Work task.
In the records below, find the line containing "# F2_c8 (size" and the line containing "chamfer(f2_c8_edges, length=F2_C8_SIZE)"; please repeat exactly the lines from one to the other, both included, and nothing more.

START Dataset

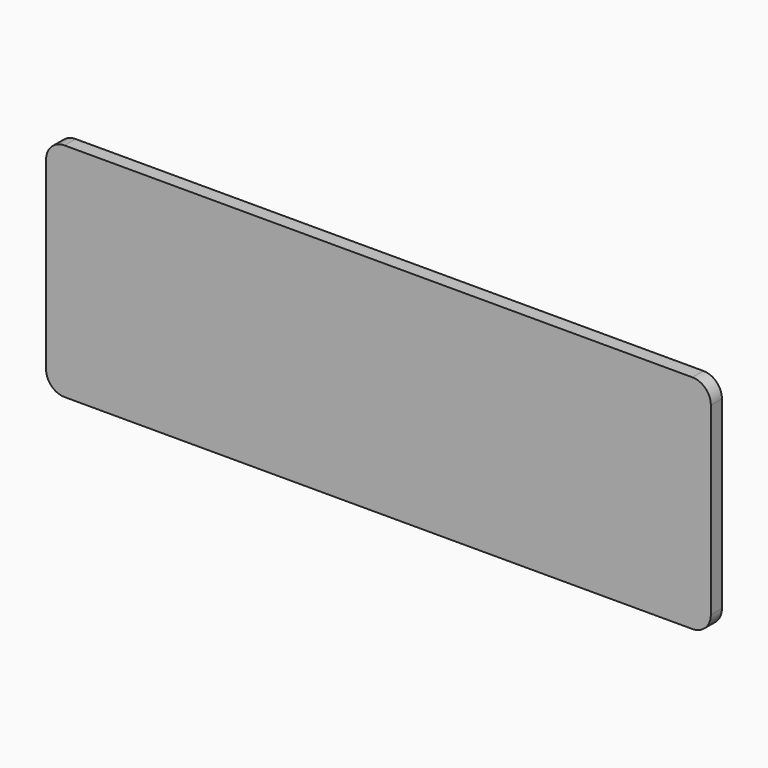
from build123d import *

# Parameters (mm, degrees)
F1_DEPTH = 19.05
F3_DEPTH = 9.525
F4_R     = 25.4
F5_R     = 25.4
F6_R     = 25.4
F7_R     = 25.4


# Not quite as in the source:
# - a length typed as a fraction of an inch, garbled in the dataset ("3 / 203.2 mm" for 3/8 in), is restored


with BuildPart() as f1:
    # F0 (on Front) → F1 (new body)
    with BuildSketch(Plane.XZ):
        Polygon((457.2, 163.4292998382), (0, 163.4292998382), (-457.2, 163.4292998382), (-457.2, -141.3707001618), (0, -141.3707001618), (457.2, -141.3707001618), align=None)
    extrude(amount=F1_DEPTH)

    # F2 (on Front) → F3 (cut)
    with BuildSketch(Plane.XZ):
        Polygon((425.45, -106.4507083202), (425.45, 13.6912916798), (425.45, 133.8332916798), (406.4, 133.8332916798), (406.4, 23.3432916798), (406.4, 13.6912916798), (406.4, 4.0392916798), (406.4, -106.4507083202), align=None)
        Polygon((406.4, 13.6912916798), (406.4, 23.3432916798), (-406.4, 23.3432916798), (-406.4, 13.6912916798), (-406.4, 4.0392916798), (406.4, 4.0392916798), align=None)
        Polygon((-406.4, 13.6912916798), (-406.4, 23.3432916798), (-406.4, 133.8332916798), (-425.45, 133.8332916798), (-425.45, 13.6912916798), (-425.45, -106.4507083202), (-406.4, -106.4507083202), (-406.4, 4.0392916798), align=None)
    extrude(amount=F3_DEPTH, mode=Mode.SUBTRACT)

    # F4
    f4_edges = [f1.edges().sort_by_distance(p)[0] for p in [
        (457.2, -9.525, 163.4293),
    ]]
    fillet(f4_edges, radius=F4_R)

    # F5
    f5_edges = [f1.edges().sort_by_distance(p)[0] for p in [
        (457.2, -9.525, -141.3707),
    ]]
    fillet(f5_edges, radius=F5_R)

    # F6
    f6_edges = [f1.edges().sort_by_distance(p)[0] for p in [
        (-457.2, -9.525, 163.4293),
    ]]
    fillet(f6_edges, radius=F6_R)

    # F7
    f7_edges = [f1.edges().sort_by_distance(p)[0] for p in [
        (-457.2, -9.525, -141.3707),
    ]]
    fillet(f7_edges, radius=F7_R)


solid = f1.part
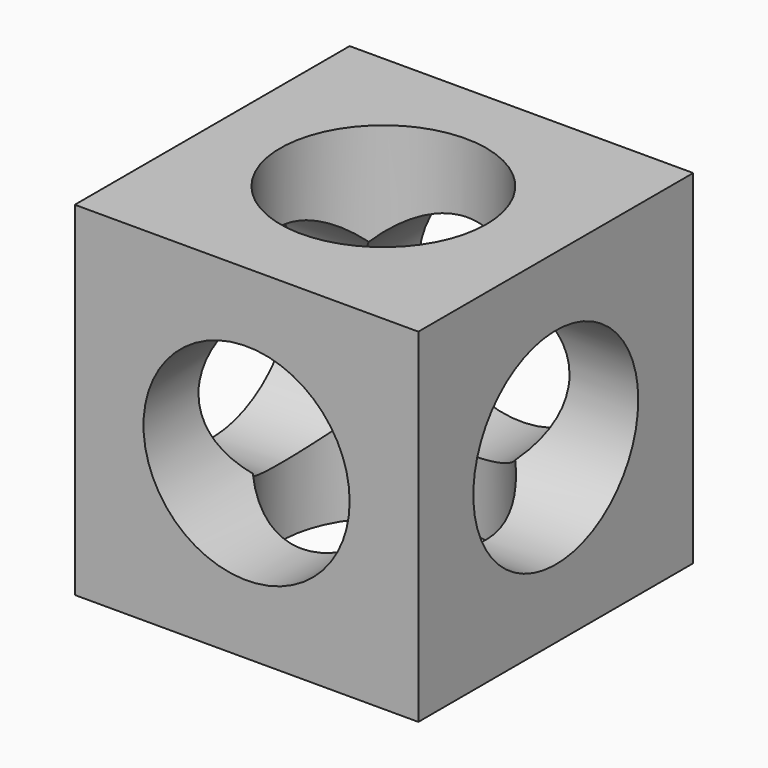
from build123d import *
from build123d import SkipClean  # not in build123d's __all__

# Parameters (mm, degrees)
F0_W      = 127
F0_H      = 127
F1_DEPTH  = 127
F2_R      = 38.1
F3_DEPTH  = 76.2
F4_R      = 38.1
F6_DEPTH  = 76.2
F7_R      = 38.1
F9_DEPTH  = 76.2
F10_R     = 38.1
F11_DEPTH = 76.2
F12_R     = 38.1
F13_DEPTH = 76.2
F14_R     = 38.1
F15_DEPTH = 76.2


with BuildPart() as f1:
    # F0 (on Front) → F1 (new body)
    with BuildSketch(Plane.XZ):
        with Locations((63.5, 63.5)):
            Rectangle(F0_W, F0_H)
    extrude(amount=F1_DEPTH)

    # F2 (on face) → F3 (cut)
    with BuildSketch(Plane.XZ.offset(127)):
        with Locations((63.5, 63.5)):
            Circle(F2_R)
    extrude(amount=-F3_DEPTH, mode=Mode.SUBTRACT)

    # F4 (on face) → F6 (cut)
    with BuildSketch(Plane(origin=(0, 0, 0), x_dir=(0, -1, 0), z_dir=(-1, 0, 0))):
        with Locations((63.5, 63.5)):
            Circle(F4_R)
    extrude(amount=-F6_DEPTH, mode=Mode.SUBTRACT)

    # F7 (on face) → F9 (cut)
    with BuildSketch(Plane.YZ.offset(127)):
        with Locations((-63.5, 63.5)):
            Circle(F7_R)
    with SkipClean():  # cleaning this boolean's faces spoils the solid; the shape is the same uncleaned
        extrude(amount=-F9_DEPTH, mode=Mode.SUBTRACT)

    # F10 (on face) → F11 (cut)
    with BuildSketch(Plane(origin=(0, 0, 0), x_dir=(-1, 0, 0), z_dir=(0, 1, 0))):
        with Locations((-63.5, 63.5)):
            Circle(F10_R)
    extrude(amount=-F11_DEPTH, mode=Mode.SUBTRACT)

    # F12 (on face) → F13 (cut)
    with BuildSketch(Plane.XY.offset(127)):
        with Locations((62.3162926857, -62.3162926857)):
            Circle(F12_R)
    extrude(amount=-F13_DEPTH, mode=Mode.SUBTRACT)

    # F14 (on face) → F15 (cut)
    with BuildSketch(Plane(origin=(0, 0, 0), x_dir=(1, 0, 0), z_dir=(0, 0, -1))):
        with Locations((63.5, 63.5)):
            Circle(F14_R)
    extrude(amount=-F15_DEPTH, mode=Mode.SUBTRACT)


solid = f1.part
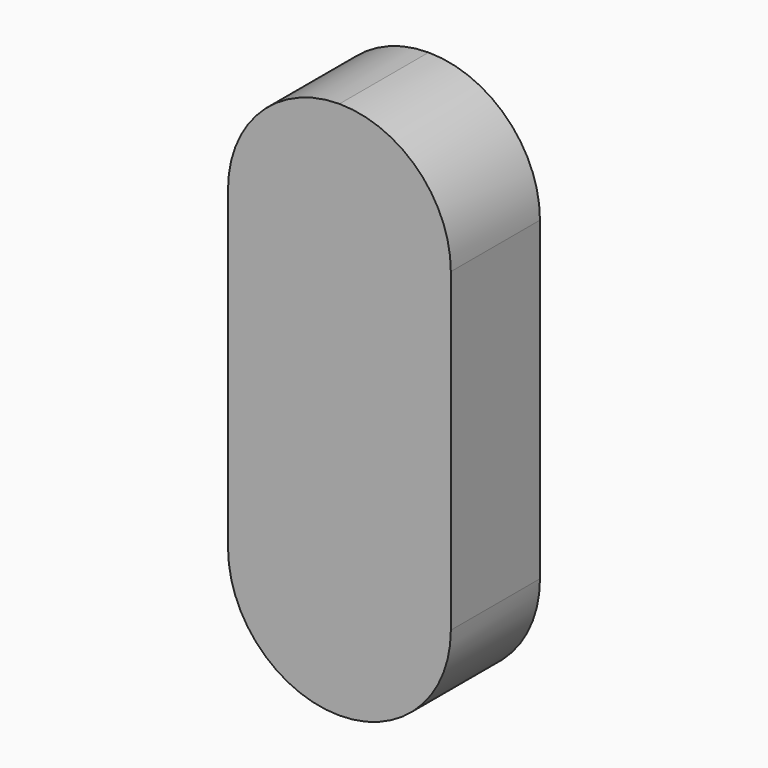
from build123d import *

# Parameters (mm, degrees)
F0_W     = 60
F0_H     = 145
F1_DEPTH = 30
F2_R     = 29.99999


# Not quite as in the source:
# - a fillet or chamfer is up to 0.001 mm smaller than in the source, because OpenCascade refuses the exact size


with BuildPart() as f1:
    # F0 (on Front) → F1 (new body)
    with BuildSketch(Plane.XZ):
        with Locations((30, 72.5)):
            Rectangle(F0_W, F0_H)
    extrude(amount=F1_DEPTH)

    # F2 (radius 30 in the source; OpenCascade refuses exactly that, so slightly less here)
    f2_edges = [f1.edges().sort_by_distance(p)[0] for p in [
        (0, -15, 145),
        (60, -15, 145),
        (0, -15, 0),
        (60, -15, 0),
    ]]
    fillet(f2_edges, radius=F2_R)


solid = f1.part
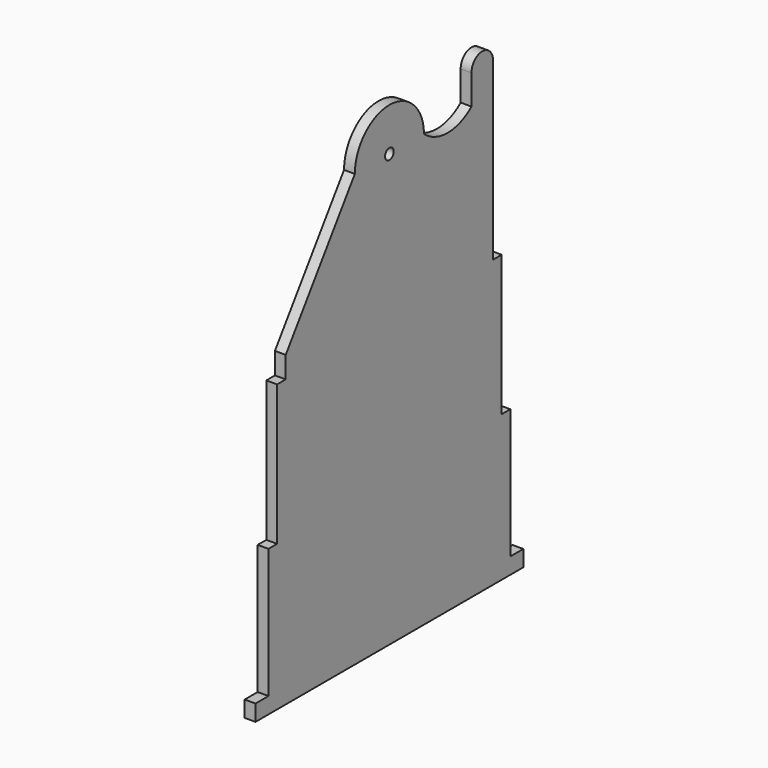
from build123d import *

# Parameters (mm, degrees)
F0_R     = 3.175
F1_DEPTH = 6.35


# Not quite as in the source:
# - ends of sketch curves that miss each other by under 0.0002 mm in the source are joined


with BuildPart() as f1:
    # F0 (on Right) → F1 (new body)
    with BuildSketch(Plane.YZ):
        with BuildLine():
            Line((-88.9, -53.975), (-88.9, -130.175))
            Line((-88.9, -130.175), (-98.425, -130.175))
            Line((-98.425, -130.175), (-98.425, -139.7))
            Line((-98.425, -139.7), (98.425, -139.7))
            Line((98.425, -139.7), (98.425, -130.175))
            Line((98.425, -130.175), (88.9, -130.175))
            Line((88.9, -130.175), (88.9, -53.975))
            Line((88.9, -53.975), (82.55, -53.975))
            Line((82.55, -53.975), (82.55, 28.575))
            Line((82.55, 28.575), (76.2, 28.575))
            Line((76.2, 28.575), (76.2, 34.925))
            Line((76.2, 34.925), (76.2, 131.7625))
            ThreePointArc((76.2, 131.7625), (68.2625, 139.7), (60.325, 131.7625))
            Line((60.325, 131.7625), (60.325, 114.3))
            ThreePointArc((60.325, 114.3), (42.8625, 107.8115954), (25.3999938624, 114.299992881))
            ThreePointArc((25.3999938624, 114.299992881), (0, 139.7), (-25.4, 114.3))
            Line((-25.4, 114.3), (-76.2, 41.275))
            Line((-76.2, 41.275), (-76.2, 28.575))
            Line((-76.2, 28.575), (-82.55, 28.575))
            Line((-82.55, 28.575), (-82.55, -53.975))
            Line((-82.55, -53.975), (-88.9, -53.975))
        make_face()
        with Locations((0, 114.3)):
            Circle(F0_R, mode=Mode.SUBTRACT)
    extrude(amount=F1_DEPTH)


solid = f1.part
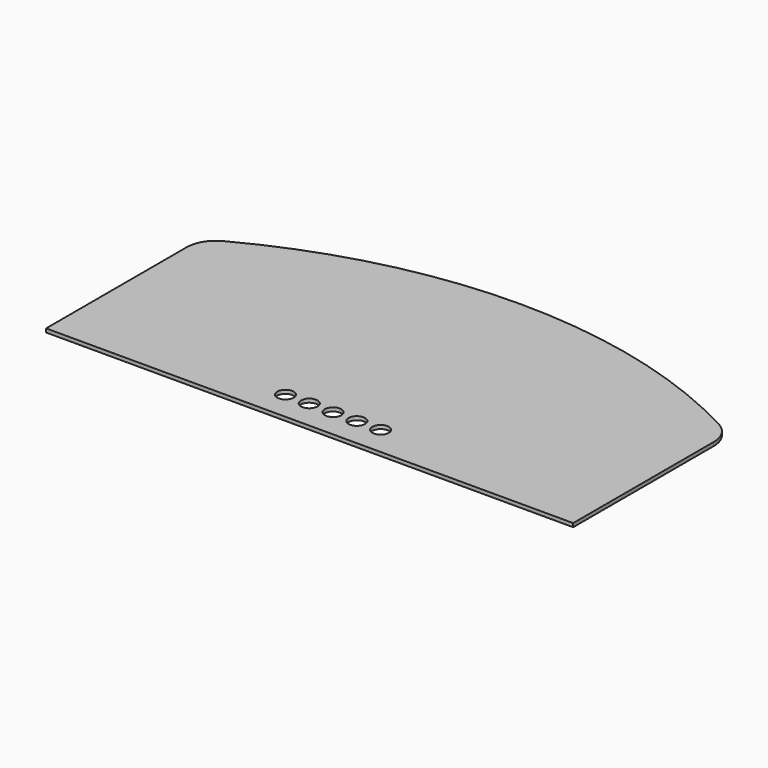
from build123d import *

# Parameters (mm, degrees)
F1_DEPTH = 6.35
F3_D     = 28.575


# Not quite as in the source:
# - a feature names something its author has since deleted; it is built from what else it names


with BuildPart() as f1:
    # F0 (on Top) → F1 (new body)
    with BuildSketch(Plane.XY):
        with BuildLine():
            Line((-914.4, 0), (0, 0))
            Line((0, 0), (0, 304.8))
            ThreePointArc((0, 304.8), (-7.2393593738, 330.9363843757), (-26.8941176471, 349.6235294118))
            ThreePointArc((-26.8941176471, 349.6235294118), (-457.2, 457.2), (-887.5058823529, 349.6235294118))
            ThreePointArc((-887.5058823529, 349.6235294118), (-907.1606406262, 330.9363843757), (-914.4, 304.8))
            Line((-914.4, 304.8), (-914.4, 0))
        make_face()
    extrude(amount=F1_DEPTH)

    # F3 (through all)
    with Locations(Plane(origin=(0, 0, 0), x_dir=(1, 0, 0), z_dir=(0, 0, -1))):
        with Locations((-415.925, -50.8), (-374.65, -50.8), (-457.2, -50.8), (-498.475, -50.8), (-539.75, -50.8)):
            Hole(F3_D / 2)


solid = f1.part
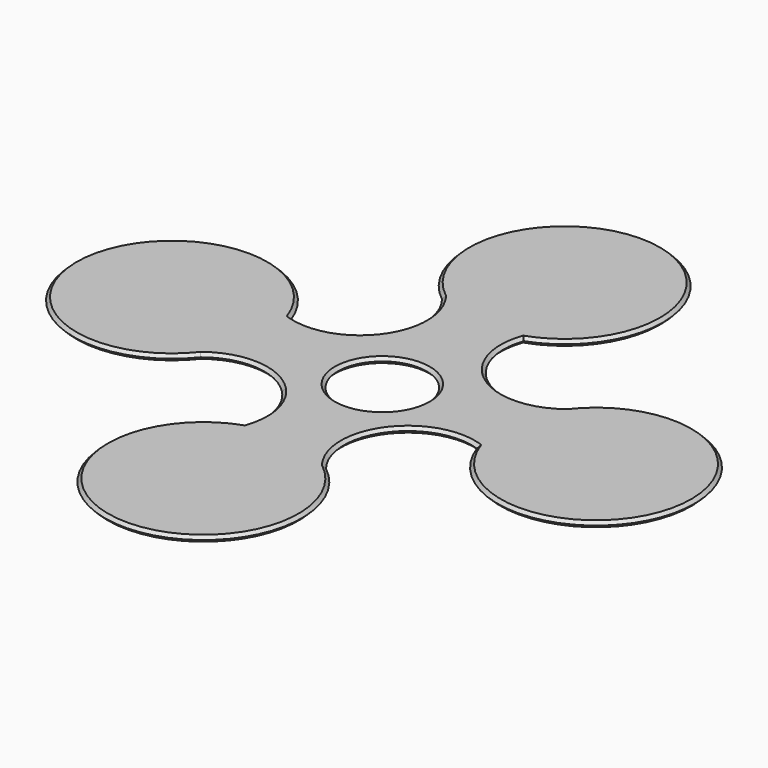
from build123d import *

# Parameters (mm, degrees)
F0_R        = 3.6516934022
F1_DEPTH    = 0.508
F2_C1_SIZE  = 0.254
F2_C2_SIZE  = 0.2539
F2_C3_SIZE  = 0.254
F2_C4_SIZE  = 0.2539
F2_C5_SIZE  = 0.254
F2_C6_SIZE  = 0.2539
F2_C7_SIZE  = 0.254
F2_C8_SIZE  = 0.2539
F2_C9_SIZE  = 0.2539
F2_C10_SIZE = 0.2536
F2_C11_SIZE = 0.254
F2_C12_SIZE = 0.2539
F2_C13_SIZE = 0.2539
F2_C14_SIZE = 0.2536
F2_C15_SIZE = 0.2539
F2_C16_SIZE = 0.2536
F2_C17_SIZE = 0.2539
F2_C18_SIZE = 0.2536


# Not quite as in the source:
# - a fillet or chamfer is up to 0.001 mm smaller than in the source, because OpenCascade refuses the exact size


with BuildPart() as f1:
    # F0 (on Top) → F1 (new body)
    with BuildSketch(Plane.XY):
        with BuildLine():
            ThreePointArc((-4.6809479161, -4.4692134998), (-4.2851428425, -4.9358337251), (-3.9462508024, -5.445292532))
            ThreePointArc((-3.9462508024, -5.445292532), (-3.2543970352, -7.5756381968), (-3.5123975908, -9.8006033651))
            ThreePointArc((-3.5123975908, -9.8006033651), (0.5657181683, -9.1143610896), (4.2157772611, -11.0583325976))
            ThreePointArc((4.2157772611, -11.0583325976), (4.0349146255, -4.7562355253), (10.0331924761, -2.8146378249))
            ThreePointArc((10.0331924761, -2.8146378249), (9.3469502005, 1.2634779342), (11.2909217086, 4.913537027))
            ThreePointArc((11.2909217086, 4.913537027), (7.9764094343, 3.7712610201), (4.6809479161, 4.9673878837))
            ThreePointArc((4.6809479161, 4.9673878837), (4.4188770442, 5.1978976137), (4.1726827472, 5.445292532))
            ThreePointArc((4.1726827472, 5.445292532), (2.8785820733, 7.9323939108), (3.0472269358, 10.730952242))
            ThreePointArc((3.0472269358, 10.730952242), (-1.0308888232, 10.0447099664), (-4.6809479161, 11.9886814745))
            ThreePointArc((-4.6809479161, 11.9886814745), (-4.5000852805, 5.6865844021), (-10.498363131, 3.7449867017))
            ThreePointArc((-10.498363131, 3.7449867017), (-9.8121208555, -0.3331290573), (-11.7560923635, -3.9831881502))
            ThreePointArc((-11.7560923635, -3.9831881502), (-8.1241949781, -2.8530951946), (-4.6809479161, -4.4692134998))
        make_face()
        Circle(F0_R, mode=Mode.SUBTRACT)
        with BuildLine():
            ThreePointArc((-10.498363131, 3.7449867017), (-26.1092040598, 2.319155388), (-11.7560923635, -3.9831881502))
            ThreePointArc((-11.7560923635, -3.9831881502), (-9.8121208555, -0.3331290573), (-10.498363131, 3.7449867017))
        make_face()
        with BuildLine():
            ThreePointArc((4.2157772611, -11.0583325976), (0.5657181683, -9.1143610896), (-3.5123975908, -9.8006033651))
            ThreePointArc((-3.5123975908, -9.8006033651), (-2.0865662771, -25.4114442939), (4.2157772611, -11.0583325976))
        make_face()
        with BuildLine():
            ThreePointArc((11.2909217086, 4.913537027), (9.3469502005, 1.2634779342), (10.0331924761, -2.8146378249))
            ThreePointArc((10.0331924761, -2.8146378249), (25.6440334048, -1.3888065112), (11.2909217086, 4.913537027))
        make_face()
        with BuildLine():
            ThreePointArc((3.0472269358, 10.730952242), (1.6213956221, 26.3417931707), (-4.6809479161, 11.9886814745))
            ThreePointArc((-4.6809479161, 11.9886814745), (-1.0308888232, 10.0447099664), (3.0472269358, 10.730952242))
        make_face()
    extrude(amount=F1_DEPTH)

    # F2: chamfer of 0.254 on 18 edges, made by hand

    # F2_c1
    f2_c1_edges = [f1.edges().sort_by_distance(p)[0] for p in [
        (-5.4539952912, -3.8023255146, 0),
    ]]
    chamfer(f2_c1_edges, length=F2_C1_SIZE)

    # F2_c2 (size 0.254 in the source; OpenCascade refuses exactly that, so slightly less here)
    f2_c2_edges = [f1.edges().sort_by_distance(p)[0] for p in [
        (-5.4539952912, -3.8023255146, 0.508),
    ]]
    chamfer(f2_c2_edges, length=F2_C2_SIZE)

    # F2_c3
    f2_c3_edges = [f1.edges().sort_by_distance(p)[0] for p in [
        (4.0349146255, -4.7562355253, 0),
    ]]
    chamfer(f2_c3_edges, length=F2_C3_SIZE)

    # F2_c4 (size 0.254 in the source; OpenCascade refuses exactly that, so slightly less here)
    f2_c4_edges = [f1.edges().sort_by_distance(p)[0] for p in [
        (4.0349146255, -4.7562355253, 0.508),
    ]]
    chamfer(f2_c4_edges, length=F2_C4_SIZE)

    # F2_c5
    f2_c5_edges = [f1.edges().sort_by_distance(p)[0] for p in [
        (4.9888246362, 4.7326743914, 0),
    ]]
    chamfer(f2_c5_edges, length=F2_C5_SIZE)

    # F2_c6 (size 0.254 in the source; OpenCascade refuses exactly that, so slightly less here)
    f2_c6_edges = [f1.edges().sort_by_distance(p)[0] for p in [
        (4.9888246362, 4.7326743914, 0.508),
    ]]
    chamfer(f2_c6_edges, length=F2_C6_SIZE)

    # F2_c7
    f2_c7_edges = [f1.edges().sort_by_distance(p)[0] for p in [
        (-4.5000852805, 5.6865844021, 0),
    ]]
    chamfer(f2_c7_edges, length=F2_C7_SIZE)

    # F2_c8 (size 0.254 in the source; OpenCascade refuses exactly that, so slightly less here)
    f2_c8_edges = [f1.edges().sort_by_distance(p)[0] for p in [
        (-4.5000852805, 5.6865844021, 0.508),
    ]]
    chamfer(f2_c8_edges, length=F2_C8_SIZE)

    # F2_c9 (size 0.254 in the source; OpenCascade refuses exactly that, so slightly less here)
    f2_c9_edges = [f1.edges().sort_by_distance(p)[0] for p in [
        (-26.1092040598, 2.319155388, 0),
    ]]
    chamfer(f2_c9_edges, length=F2_C9_SIZE)

    # F2_c10 (size 0.254 in the source; OpenCascade refuses exactly that, so slightly less here)
    f2_c10_edges = [f1.edges().sort_by_distance(p)[0] for p in [
        (-26.1092040598, 2.319155388, 0.508),
    ]]
    chamfer(f2_c10_edges, length=F2_C10_SIZE)

    # F2_c11
    f2_c11_edges = [f1.edges().sort_by_distance(p)[0] for p in [
        (-3.6516934022, 0, 0),
    ]]
    chamfer(f2_c11_edges, length=F2_C11_SIZE)

    # F2_c12 (size 0.254 in the source; OpenCascade refuses exactly that, so slightly less here)
    f2_c12_edges = [f1.edges().sort_by_distance(p)[0] for p in [
        (-3.6516934022, 0, 0.508),
    ]]
    chamfer(f2_c12_edges, length=F2_C12_SIZE)

    # F2_c13 (size 0.254 in the source; OpenCascade refuses exactly that, so slightly less here)
    f2_c13_edges = [f1.edges().sort_by_distance(p)[0] for p in [
        (-2.0865662771, -25.4114442939, 0),
    ]]
    chamfer(f2_c13_edges, length=F2_C13_SIZE)

    # F2_c14 (size 0.254 in the source; OpenCascade refuses exactly that, so slightly less here)
    f2_c14_edges = [f1.edges().sort_by_distance(p)[0] for p in [
        (-2.0865662771, -25.4114442939, 0.508),
    ]]
    chamfer(f2_c14_edges, length=F2_C14_SIZE)

    # F2_c15 (size 0.254 in the source; OpenCascade refuses exactly that, so slightly less here)
    f2_c15_edges = [f1.edges().sort_by_distance(p)[0] for p in [
        (25.6440334048, -1.3888065112, 0),
    ]]
    chamfer(f2_c15_edges, length=F2_C15_SIZE)

    # F2_c16 (size 0.254 in the source; OpenCascade refuses exactly that, so slightly less here)
    f2_c16_edges = [f1.edges().sort_by_distance(p)[0] for p in [
        (25.6440334048, -1.3888065112, 0.508),
    ]]
    chamfer(f2_c16_edges, length=F2_C16_SIZE)

    # F2_c17 (size 0.254 in the source; OpenCascade refuses exactly that, so slightly less here)
    f2_c17_edges = [f1.edges().sort_by_distance(p)[0] for p in [
        (1.6213956221, 26.3417931707, 0),
    ]]
    chamfer(f2_c17_edges, length=F2_C17_SIZE)

    # F2_c18 (size 0.254 in the source; OpenCascade refuses exactly that, so slightly less here)
    f2_c18_edges = [f1.edges().sort_by_distance(p)[0] for p in [
        (1.6213956221, 26.3417931707, 0.508),
    ]]
    chamfer(f2_c18_edges, length=F2_C18_SIZE)


solid = f1.part

END Dataset

Exercise answer.
    # F2_c8 (size 0.254 in the source; OpenCascade refuses exactly that, so slightly less here)
    f2_c8_edges = [f1.edges().sort_by_distance(p)[0] for p in [
        (-4.5000852805, 5.6865844021, 0.508),
    ]]
    chamfer(f2_c8_edges, length=F2_C8_SIZE)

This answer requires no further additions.